Given what I have written above I consider that the decision of the court to refuse my request for a transcript is irrational. And is in fact so unreasonable that no reasonable public authority could have made it.
I also consider the refusal of the request breaches the Human Rights Act, namely my article 10 to receive and impart information.
For the reasons set out in paragraph 10 and 11 I put the court on notice that if my request continues to be denied without lawful justification then a pre-action letter for judicial review will be issued. I would be grateful if you could advise of the appropriate person and an address of someone who is able to receive service.
I wholly reserve my position on costs in this regard.
Yours sincerely, Daniel Cloake
Lo and behold, after a significant amount of work done by this unfunded blog, the court backed down.
His Honour thanks you again for your latest message. The Court is pleased to note that, although it was never suggested that it had been stated by you that you were the holder of a Press Card , it is now understood why the standard request for one to be produced was made in the context of the Application having been made not by, ” a Member of the Public ” but by a “Journalist”. ( it was , hopefully reasonably, assumed that this was the case where an application was being justified on the basis that it was “for the purpose of Journalism “)
We are sure that you will understand why Applications such as these should always be carefully scrutinised, whether merely for a transcript of an adjourned hearing or not.
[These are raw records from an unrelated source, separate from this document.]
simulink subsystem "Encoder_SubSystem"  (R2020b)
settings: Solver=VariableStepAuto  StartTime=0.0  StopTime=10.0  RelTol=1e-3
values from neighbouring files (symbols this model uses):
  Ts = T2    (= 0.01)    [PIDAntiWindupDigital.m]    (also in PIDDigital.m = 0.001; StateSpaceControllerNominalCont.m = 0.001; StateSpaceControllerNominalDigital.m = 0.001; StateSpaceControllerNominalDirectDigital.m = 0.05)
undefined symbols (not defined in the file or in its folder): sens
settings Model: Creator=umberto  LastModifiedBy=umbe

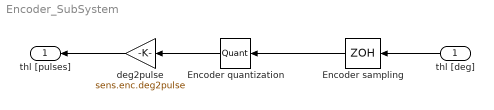
== system Encoder_SubSystem ==
  thl [deg] : Inport
  Encoder quantization : Quantizer  QuantizationInterval=360/sens.enc.ppr
  Encoder sampling : ZeroOrderHold  SampleTime=Ts
  deg2pulse : Gain  Gain=sens.enc.deg2pulse
  thl [pulses] : Outport
  wires:
  Encoder sampling/1 -> Encoder quantization/1
  Encoder quantization/1 -> deg2pulse/1
  deg2pulse/1 -> thl [pulses]/1
  thl [deg]/1 -> Encoder sampling/1
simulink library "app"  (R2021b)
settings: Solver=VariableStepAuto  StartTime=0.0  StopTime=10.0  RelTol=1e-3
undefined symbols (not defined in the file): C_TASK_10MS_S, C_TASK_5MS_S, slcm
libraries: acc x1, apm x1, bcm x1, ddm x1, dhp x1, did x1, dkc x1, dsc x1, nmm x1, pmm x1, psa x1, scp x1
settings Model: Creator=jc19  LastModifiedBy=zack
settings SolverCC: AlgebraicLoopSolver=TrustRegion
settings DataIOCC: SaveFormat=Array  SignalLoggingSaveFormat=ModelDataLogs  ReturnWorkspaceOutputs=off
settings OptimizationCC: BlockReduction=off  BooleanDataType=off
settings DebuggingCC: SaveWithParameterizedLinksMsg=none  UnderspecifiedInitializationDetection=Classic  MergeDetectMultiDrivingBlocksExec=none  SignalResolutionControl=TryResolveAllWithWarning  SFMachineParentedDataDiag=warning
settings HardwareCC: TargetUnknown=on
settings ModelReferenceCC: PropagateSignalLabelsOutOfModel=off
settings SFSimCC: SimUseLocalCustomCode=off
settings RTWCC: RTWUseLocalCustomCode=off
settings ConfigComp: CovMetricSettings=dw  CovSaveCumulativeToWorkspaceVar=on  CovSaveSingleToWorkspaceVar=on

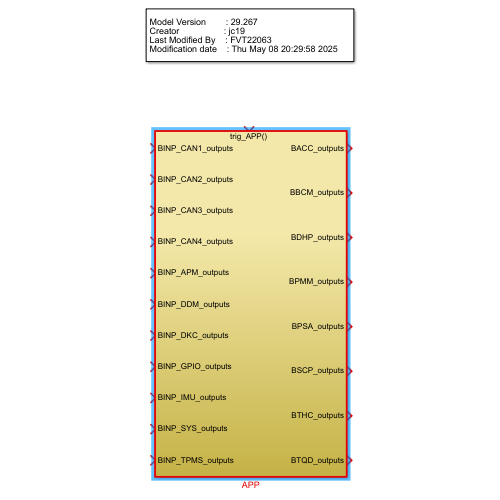
[thumbnail: Simulink's stored preview of the top-level diagram]
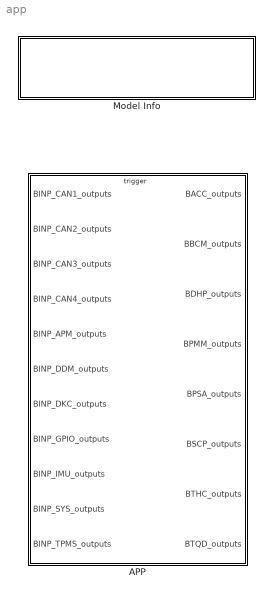
== system app ==
  APP : Subsystem
  Model Info : Subsystem  LoadFcn=slcm LoadBlock;  InitFcn=slcm('UpdateAllCMBlocksInThisModelInit')  mask(CMBlock){InitialSaveTempField=, InitialBlockCM=None, BlockCM=None, Frame=on, SaveTempField=, DisplayStringWithTags=|, MaskDisplayString=Model Version        : 29.271\nCreator                  : jc19\nLast Modified By    : zack\nModification date    : Mon May 26 17:49:11 2025, HorizontalTextAlignment=Left, LeftAlignmentValue=0.02, SourceBlockDiagram=app, TagMaxNumber=20, CMTag1=, CMTag2=, CMTag3=, CMTag4=, CMTag5=, CMTag6=, CMTag7=, CMTag8=, CMTag9=, CMTag10=, CMTag11=, CMTag12=, CMTag13=, CMTag14=, CMTag15=, CMTag16=, CMTag17=, CMTag18=, CMTag19=, CMTag20=}
      mask DisplayStringWithTags=|
      | Model Version        : %<ModelVersion>
      | Creator                  : %<Creator>
      | Last Modified By    : %<LastModifiedBy>
      | Modification date    : %<LastModificationDate>
      mask help: This block allows revision control information to be displayed within the model.
      settings: CopyFcn=slcm CopyBlock;  DeleteFcn=slcm Cancel;  PostSaveFcn=slcm('UpdateAllCMBlocksInThisModel')  NameChangeFcn=slcm Rename;  OpenFcn=slcm
      mask Display: text(str2num(LeftAlignmentValue), 0.5, MaskDisplayString, 'HorizontalAlignment', HorizontalTextAlignment)

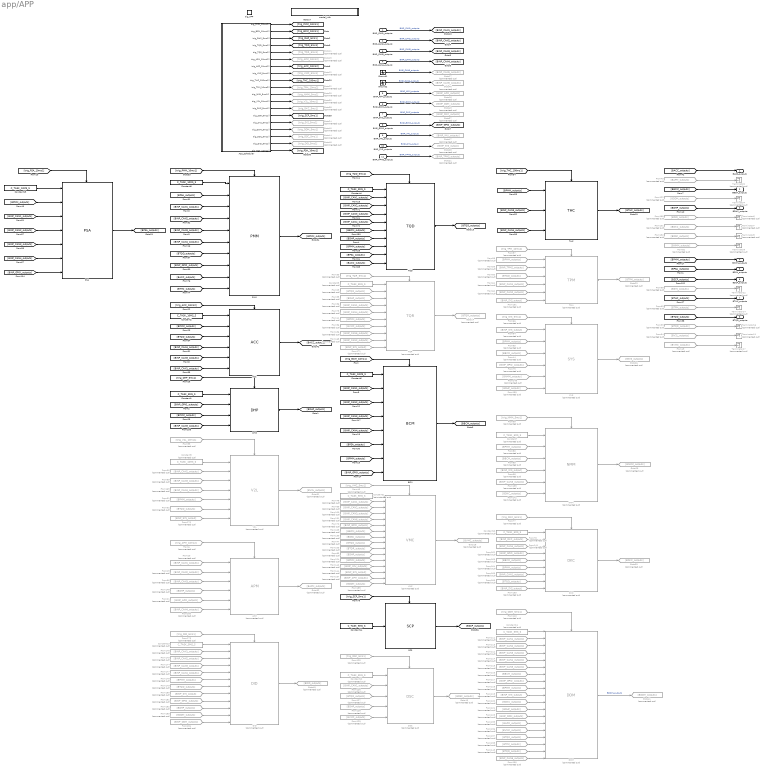
== system app/APP ==
  BINP_CAN1_outputs : Inport  OutDataTypeStr=Bus: BINP_CAN1_outputs
  BINP_CAN2_outputs : Inport  Port=2  OutDataTypeStr=Bus: BINP_CAN2_outputs
  BINP_CAN3_outputs : Inport  Port=3  OutDataTypeStr=Bus: BINP_CAN3_outputs
  BINP_CAN4_outputs : Inport  Port=4  OutDataTypeStr=Bus: BINP_CAN4_outputs
  BINP_APM_outputs : Inport  Port=5  OutDataTypeStr=Bus: BINP_APM_outputs
  BINP_DDM_outputs : Inport  Port=6  OutDataTypeStr=Bus: BINP_DDM_outputs
  BINP_DKC_outputs : Inport  Port=7  OutDataTypeStr=Bus: BINP_DKC_outputs
  BINP_GPIO_outputs : Inport  Port=8  OutDataTypeStr=Bus: BINP_GPIO_outputs
  BINP_IMU_outputs : Inport  Port=9  OutDataTypeStr=Bus: BINP_IMU_outputs
  BINP_SYS_outputs : Inport  Port=10  OutDataTypeStr=Bus: BINP_SYS_outputs
  BINP_TPMS_outputs : Inport  Port=11  OutDataTypeStr=Bus: BINP_TPMS_outputs
  trig_APP : TriggerPort  TriggerType=function-call  VariantControl=(inherit)
  ACC : acc/ACC  SystemSampleTime=-1  VariantActivationTime=update diagram  Latency=0  AutoFrameSizeCalculation=off
  APM : apm/APM  Commented=on  SystemSampleTime=-1  VariantActivationTime=update diagram  Latency=0  AutoFrameSizeCalculation=off
  App_Scheduler : Stateflow chart  TreatAsAtomicUnit=on
  BCM : bcm/BCM  SystemSampleTime=-1  VariantActivationTime=update diagram  Latency=0  AutoFrameSizeCalculation=off
  Constant1 : Constant  Value=C_TASK_5MS_S  OutDataTypeStr=single
  Constant{3,5,7,10..13} (7 alike) : Constant  Commented=on  Value=C_TASK_5MS_S  OutDataTypeStr=single
  Constant14 : Constant  Value=C_TASK_5MS_S  OutDataTypeStr=single
  Constant{2,6,8,15} (4 alike) : Constant  Value=C_TASK_10MS_S  OutDataTypeStr=single
  Constant4 : Constant  Value=C_TASK_5MS_S  OutDataTypeStr=single
  Constant9 : Constant  Commented=on  Value=C_TASK_10MS_S  OutDataTypeStr=single
  DDM : ddm/DDM  Commented=on  SystemSampleTime=-1  VariantActivationTime=update diagram  Latency=0  AutoFrameSizeCalculation=off
  DHP : dhp/DHP  SystemSampleTime=-1  VariantActivationTime=update diagram  Latency=0  AutoFrameSizeCalculation=off
  DID : did/DID  Commented=on  SystemSampleTime=-1  VariantActivationTime=update diagram  Latency=0  AutoFrameSizeCalculation=off
  DKC : dkc/DKC  Commented=on  SystemSampleTime=-1  VariantActivationTime=update diagram  Latency=0  AutoFrameSizeCalculation=off
  DSC : dsc/DSC  Commented=on  SystemSampleTime=-1  VariantActivationTime=update diagram  Latency=0  AutoFrameSizeCalculation=off
  From{86,89,100,112,139,174} (6 alike) : From  Commented=on  GotoTag=BINP_CAN3_outputs
  From101 : From  Commented=on  GotoTag=BDKC_outputs
  From103 : From  Commented=on  GotoTag=BTQR_outputs
  From{44,85,109,116,163} (5 alike) : From  Commented=on  GotoTag=BBCM_outputs
  From110 : From  Commented=on  GotoTag=trig_DDM_5ms1
  From{20,36,48,61,111,126,165,176} (8 alike) : From  Commented=on  GotoTag=BINP_CAN1_outputs
  From{19,62,69,90,113,168,175} (7 alike) : From  Commented=on  GotoTag=BINP_CAN2_outputs
  From{73,114,141,160,169,177} (6 alike) : From  Commented=on  GotoTag=BINP_CAN4_outputs
  From115 : From  Commented=on  GotoTag=BINP_CAN5_outputs
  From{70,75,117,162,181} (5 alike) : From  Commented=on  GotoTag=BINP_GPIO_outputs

It is after all not the case that such Applications are simply automatically granted otherwise Judicial Approval would not be required.
The Court is pleased to confirm now that , having taken the care required, it is satisfied that your request can be granted and no doubt you will receive a quote of cost for your consideration.
Indeed I did receive a quote and subsequently the transcript.
But all in all a painful process. Most members of the public would have given up after the first e-mail (which in retrospect may have been a sensible proposition).
A very recent request for a transcript from Southwark Crown Court, involving the FCA as the prosecuting authority, resulted in the court’s ‘Executive officer” asking:
Good afternoon,
We apologise for the delay. We are still processing this item. Is there a particular reason why this request is being asked for?
Best,
My response of “Yes, I’m interested in what happened at the hearing” was considered sufficient for the application to be approved. It’s not known why the question was being asked in the first place.